Fin de l'histoire ? Pas du tout. Il reste à établir les plans. Et ça continue : les projets se succèdent et les architectes s'arrachent les cheveux.


Ca fait quatre ans qu'on débat : Monet commence à gonfler tout le monde.


Enfin, un accord est trouvé autour d'un projet impliquant deux salles elliptiques baignées de lumière naturelle. Alléluia ! La donation est officialisée. Monet y fait stipuler que les toiles ne pourront jamais quitter l'Orangerie.


En 1924, les travaux sont finis... mais pas les œuvres ! 


Le peintre va encore y consacrer les deux dernières années de sa vie. Quand il meurt, les toiles sont enfin achevées. Elles seront inaugurées l'année suivante dans leur écrin sur-mesure. Elles y sont encore aujourd'hui.


L'exigence de Monet soulève une question : était-il complètement gâteux, maladivement obstiné ou juste casse-bonbons ?


Aucun des trois. Mais il avait compris une chose : les conditions d'exposition sont fondamentales. Et ce qui vaut pour une œuvre vaut pour une idée, un projet, un discours, n'importe quel message.
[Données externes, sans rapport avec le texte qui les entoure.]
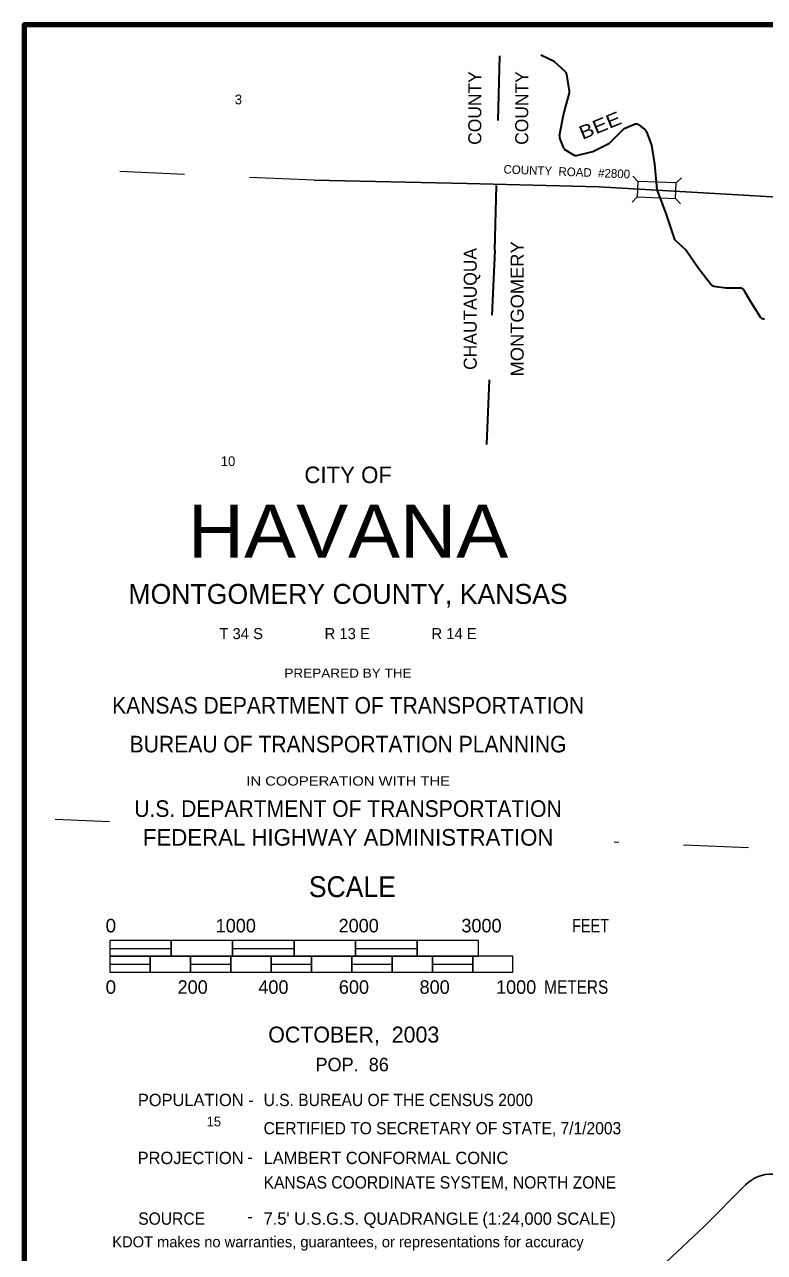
# Model space of a CAD drawing. Extents: x 146.28 to 150.75, y 2550.96 to 2554.89.
# Drawn here: x 146.276 to 147.416, y 2552.999 to 2554.892 of the extents above; entities that cross this region are included whole.
import ezdxf
from ezdxf.enums import TextEntityAlignment as Align

# ---------------------------------------------------------------- set-up
doc = ezdxf.new("R2010")
doc.units = 0
doc.header["$LTSCALE"] = 0.0068
doc.linetypes.add('DOT_DASHED', pattern=[7.7, 5, -1.2, 0.3, -1.2])
doc.linetypes.add('MEDIUM_DASHED', pattern=[4.5, 3, -1.5])
for name, color, linetype, lineweight in [('14', 7, 'Continuous', 25), ('15', 7, 'MEDIUM_DASHED', 13), ('2', 7, 'DOT_DASHED', 35), ('21', 7, 'Continuous', 25), ('25', 7, 'Continuous', 35), ('48', 7, 'Continuous', 106), ('51', 7, 'Continuous', 13)]:
    doc.layers.add(name, color=color, linetype=linetype, lineweight=lineweight)
for name, color, linetype in [('29', 7, 'Continuous'), ('41', 7, 'Continuous'), ('45', 7, 'Continuous'), ('49', 7, 'Continuous')]:
    doc.layers.add(name, color=color, linetype=linetype)

msp = doc.modelspace()

# ---------------------------------------------------------------- linework, layer by layer
at = {"layer": '14'}
msp.add_line((147.324053, 2553.039015), (147.387121, 2553.102652), dxfattribs=at)
for points in [[(146.722538, 2554.651515), (146.958333, 2554.64678), (147.161174, 2554.641477), (147.392992, 2554.62803), (147.681439, 2554.610417), (147.968939, 2554.600379), (148.253977, 2554.592992), (148.480303, 2554.585606), (148.683333, 2554.581439), (148.953977, 2554.570644), (149.142235, 2554.563826), (149.353788, 2554.55322), (149.492803, 2554.549053), (149.740909, 2554.537689), (149.97803, 2554.52822), (150.111364, 2554.523864)], [(147.324053, 2553.039015), (147.256629, 2552.976136), (147.190909, 2552.917803)]]:
    msp.add_lwpolyline(points, dxfattribs=at)
msp.add_arc((147.427436, 2553.062688), 0.056818, 88.25422, 135.28196, dxfattribs=at)
at = {"layer": '15'}
for p, q in [((146.722538, 2554.651515), (146.323485, 2554.669508)), ((146.407008, 2553.6625), (146.323485, 2553.665909)), ((147.591477, 2553.614205), (147.18447, 2553.630871))]:
    msp.add_line(p, q, dxfattribs=at)
at = {"layer": '2'}
for q in [(147.008523, 2554.844318), (146.986742, 2554.214773)]:
    msp.add_line((147.000568, 2554.54375), q, dxfattribs=at)
at = {"layer": '21'}
for p, q in [((147.221402, 2554.649811), (147.213447, 2554.657955)), ((147.288447, 2554.655303), (147.280303, 2554.647538)), ((147.220265, 2554.625947), (147.212311, 2554.617992)), ((147.287121, 2554.615341), (147.279356, 2554.623485))]:
    msp.add_line(p, q, dxfattribs=at)
at = {"layer": '21', "lineweight": 13}
msp.add_lwpolyline([(147.220265, 2554.625947), (147.279356, 2554.623485), (147.280303, 2554.647538), (147.221402, 2554.649811)], close=True, dxfattribs=at)
at = {"layer": '25'}
for p, q in [((147.115909, 2554.789205), (147.111742, 2554.814583)), ((147.222538, 2554.736932), (147.232576, 2554.729167)), ((147.107386, 2554.700947), (147.100758, 2554.716477)), ((147.110038, 2554.697917), (147.12197, 2554.69072))]:
    msp.add_line(p, q, dxfattribs=at)
for points in [[(147.109659, 2554.818561), (147.092045, 2554.834659), (147.071591, 2554.844318)], [(147.100379, 2554.720265), (147.106439, 2554.752273), (147.115909, 2554.786364)], [(147.126894, 2554.689962), (147.151705, 2554.695833), (147.177652, 2554.708712), (147.200189, 2554.73125), (147.215909, 2554.737879)], [(147.234659, 2554.726326), (147.242235, 2554.705492), (147.24697, 2554.676326), (147.250189, 2554.6375), (147.264773, 2554.598864), (147.277652, 2554.560038), (147.295455, 2554.54375), (147.314773, 2554.516288), (147.33428, 2554.491098)], [(147.338447, 2554.488447), (147.356818, 2554.485606), (147.378788, 2554.485606)], [(147.384659, 2554.482386), (147.393939, 2554.466288), (147.40947, 2554.441098)]]:
    msp.add_lwpolyline(points, dxfattribs=at)
for centre, start, end in [((147.105201, 2554.813584), 9.45648, 47.47161), ((147.109433, 2554.788181), 344.75402, 9.45648), ((147.218549, 2554.731771), 52.10757, 112.63265), ((147.228508, 2554.724019), 19.64242, 52.10757), ((147.106944, 2554.719064), 169.22232, 202.62627), ((147.113415, 2554.703539), 202.62627, 239.02033), ((147.125387, 2554.696351), 239.02034, 283.24856), ((147.339493, 2554.495044), 217.38798, 261.24841), ((147.378872, 2554.479037), 30.24077, 90), ((147.415051, 2554.444501), 211.41354, 280.01415)]:
    msp.add_arc(centre, 0.006629, start, end, dxfattribs=at)
at = {"layer": '48'}
msp.add_lwpolyline([(146.276136, 2551.009091), (146.276136, 2554.891667), (150.158712, 2554.891667), (150.158712, 2551.009091)], close=True, dxfattribs=at)
at = {"layer": '51'}
for p, q in [((146.407386, 2553.467424), (146.502083, 2553.467424)), ((146.59678, 2553.467424), (146.691477, 2553.467424)), ((146.786174, 2553.467424), (146.880871, 2553.467424)), ((146.407386, 2553.442803), (146.469508, 2553.442803)), ((146.531818, 2553.442803), (146.593939, 2553.442803)), ((146.656061, 2553.442803), (146.718182, 2553.442803)), ((146.780303, 2553.442803), (146.842424, 2553.442803)), ((146.904545, 2553.442803), (146.966667, 2553.442803))]:
    msp.add_line(p, q, dxfattribs=at)
for points in [[(146.407386, 2553.455114), (146.502083, 2553.455114), (146.502083, 2553.479735), (146.407386, 2553.479735)], [(146.502083, 2553.455114), (146.59678, 2553.455114), (146.59678, 2553.479735), (146.502083, 2553.479735)], [(146.59678, 2553.455114), (146.691477, 2553.455114), (146.691477, 2553.479735), (146.59678, 2553.479735)], [(146.691477, 2553.455114), (146.786174, 2553.455114), (146.786174, 2553.479735), (146.691477, 2553.479735)], [(146.786174, 2553.455114), (146.880871, 2553.455114), (146.880871, 2553.479735), (146.786174, 2553.479735)], [(146.880871, 2553.455114), (146.975568, 2553.455114), (146.975568, 2553.479735), (146.880871, 2553.479735)], [(146.407386, 2553.430492), (146.469508, 2553.430492), (146.469508, 2553.455114), (146.407386, 2553.455114)], [(146.469508, 2553.430492), (146.531818, 2553.430492), (146.531818, 2553.455114), (146.469508, 2553.455114)], [(146.531818, 2553.430492), (146.593939, 2553.430492), (146.593939, 2553.455114), (146.531818, 2553.455114)], [(146.593939, 2553.430492), (146.656061, 2553.430492), (146.656061, 2553.455114), (146.593939, 2553.455114)], [(146.656061, 2553.430492), (146.718182, 2553.430492), (146.718182, 2553.455114), (146.656061, 2553.455114)], [(146.718182, 2553.430492), (146.780303, 2553.430492), (146.780303, 2553.455114), (146.718182, 2553.455114)], [(146.780303, 2553.430492), (146.842424, 2553.430492), (146.842424, 2553.455114), (146.780303, 2553.455114)], [(146.842424, 2553.430492), (146.904545, 2553.430492), (146.904545, 2553.455114), (146.842424, 2553.455114)], [(146.904545, 2553.430492), (146.966667, 2553.430492), (146.966667, 2553.455114), (146.904545, 2553.455114)], [(146.966667, 2553.430492), (147.028788, 2553.430492), (147.028788, 2553.455114), (146.966667, 2553.455114)]]:
    msp.add_lwpolyline(points, close=True, dxfattribs=at)

# ---------------------------------------------------------------- texts
at = {"layer": '29', "width": 1.2}
msp.add_text('BEE', height=0.02083, rotation=22.336, dxfattribs=at).set_placement((147.16678, 2554.726556), align=Align.CENTER)
at = {"layer": '41'}
for s, p in [('COUNTY', (146.979924, 2554.762973)), ('COUNTY', (147.052273, 2554.762973)), ('CHAUTAUQUA', (146.972917, 2554.45322))]:
    msp.add_text(s, height=0.02008, rotation=90, dxfattribs=at).set_placement(p, align=Align.CENTER)
at = {"layer": '41', "width": 1.05}
msp.add_text('MONTGOMERY', height=0.02008, rotation=90, dxfattribs=at).set_placement((147.045265, 2554.453314), align=Align.CENTER)
at = {"layer": '45'}
for s, p in [('3', (146.605682, 2554.76875)), ('10', (146.589678, 2554.210985)), ('15', (146.567803, 2553.192992))]:
    msp.add_text(s, height=0.01496, dxfattribs=at).set_placement(p, align=Align.CENTER)
at = {"layer": '49'}
msp.add_text('COUNTY  ROAD  #2800', height=0.01326, rotation=357.761, dxfattribs=at).set_placement((147.111483, 2554.658217), align=Align.CENTER)
at = {"layer": '51'}
for s, height, p in [('CITY OF', 0.02557, (146.774811, 2554.184659)), ('MONTGOMERY COUNTY, KANSAS', 0.03068, (146.774621, 2553.998485)), ('T 34 S               R 13 E               R 14 E', 0.01705, (146.774621, 2553.944129)), ('FEDERAL HIGHWAY ADMINISTRATION', 0.02557, (146.774811, 2553.625758)), ('KDOT makes no warranties, guarantees, or representations for accuracy', 0.01688, (146.774527, 2553.006439))]:
    msp.add_text(s, height=height, dxfattribs=at).set_placement(p, align=Align.CENTER)
for s, height, width, p in [('HAVANA', 0.08163, 1.1, (146.774621, 2554.069697)), ('PREPARED BY THE', 0.0142, 1.1, (146.774527, 2553.884659)), ('KANSAS DEPARTMENT OF TRANSPORTATION', 0.02557, 0.95, (146.774716, 2553.829356)), ('BUREAU OF TRANSPORTATION PLANNING', 0.02557, 0.95, (146.774621, 2553.769508)), ('IN COOPERATION WITH THE', 0.0142, 1.2, (146.774811, 2553.718371)), ('U.S. DEPARTMENT OF TRANSPORTATION', 0.02557, 0.95, (146.774527, 2553.670076))]:
    msp.add_text(s, height=height, dxfattribs=dict(at, width=width)).set_placement(p, align=Align.CENTER)
for s, height, width, p in [('SCALE', 0.0322, 0.95, (146.714205, 2553.546402)), ('0', 0.02083, 1.05, (146.400947, 2553.492045)), ('FEET', 0.02083, 0.8, (147.119886, 2553.492045)), ('0', 0.02083, 1.05, (146.400947, 2553.397348)), ('METERS', 0.02083, 0.85, (147.076894, 2553.397348)), ('U.S. BUREAU OF THE CENSUS 2000', 0.0189, 0.95, (146.644508, 2553.224242)), ('CERTIFIED TO SECRETARY OF STATE, 7/1/2003', 0.0189, 0.95, (146.644508, 2553.180682)), ('KANSAS COORDINATE SYSTEM,', 0.01894, 0.95, (146.644508, 2553.097159)), ('NORTH ZONE', 0.01894, 0.95, (147.028598, 2553.097159)), ('SOURCE ', 0.01894, 0.95, (146.451326, 2553.041288))]:
    msp.add_text(s, height=height, dxfattribs=dict(at, width=width)).set_placement(p)
for s, height, p in [('1000', 0.02083, (146.570644, 2553.492045)), ('2000', 0.02083, (146.760038, 2553.492045)), ('3000', 0.02083, (146.949242, 2553.492045)), ('200', 0.02083, (146.511932, 2553.397348)), ('400', 0.02083, (146.636364, 2553.397348)), ('600', 0.02083, (146.760417, 2553.397348)), ('800', 0.02083, (146.884848, 2553.397348)), ('1000', 0.02083, (147.002652, 2553.397348)), ('OCTOBER,  2003', 0.02462, (146.651705, 2553.322159)), ('POP.  86', 0.02083, (146.724432, 2553.277841)), ('POPULATION -', 0.0189, (146.450758, 2553.224242)), ('PROJECTION ', 0.01894, (146.450379, 2553.134848)), ('-', 0.01894, (146.619508, 2553.136364)), ('LAMBERT CONFORMAL CONIC', 0.01894, (146.644508, 2553.134848)), ("7.5' U.S.G.S. QUADRANGLE", 0.01894, (146.644508, 2553.041288)), ('(1:24,000 SCALE)', 0.01894, (146.981629, 2553.041288)), ('-', 0.01894, (146.619129, 2553.044697))]:
    msp.add_text(s, height=height, dxfattribs=at).set_placement(p)

doc.saveas('drawing.dxf')

Quand il s'agit de communiquer, nous prenons soin de préparer des argumentaires imparables et des PowerPoint mémorables. Mais si le contexte, le lieu et le moment ne sont pas favorables à une attention optimale, nos efforts risquent d'être vains.


La prochaine fois que vous organisez une réunion, pensez à Monet. Et demandez-vous si l'endroit et la date choisis sont les meilleurs.


Si ce n'est pas le cas, faites comme Monet : ne lâchez rien, trouvez autre chose... et offrez des fleurs.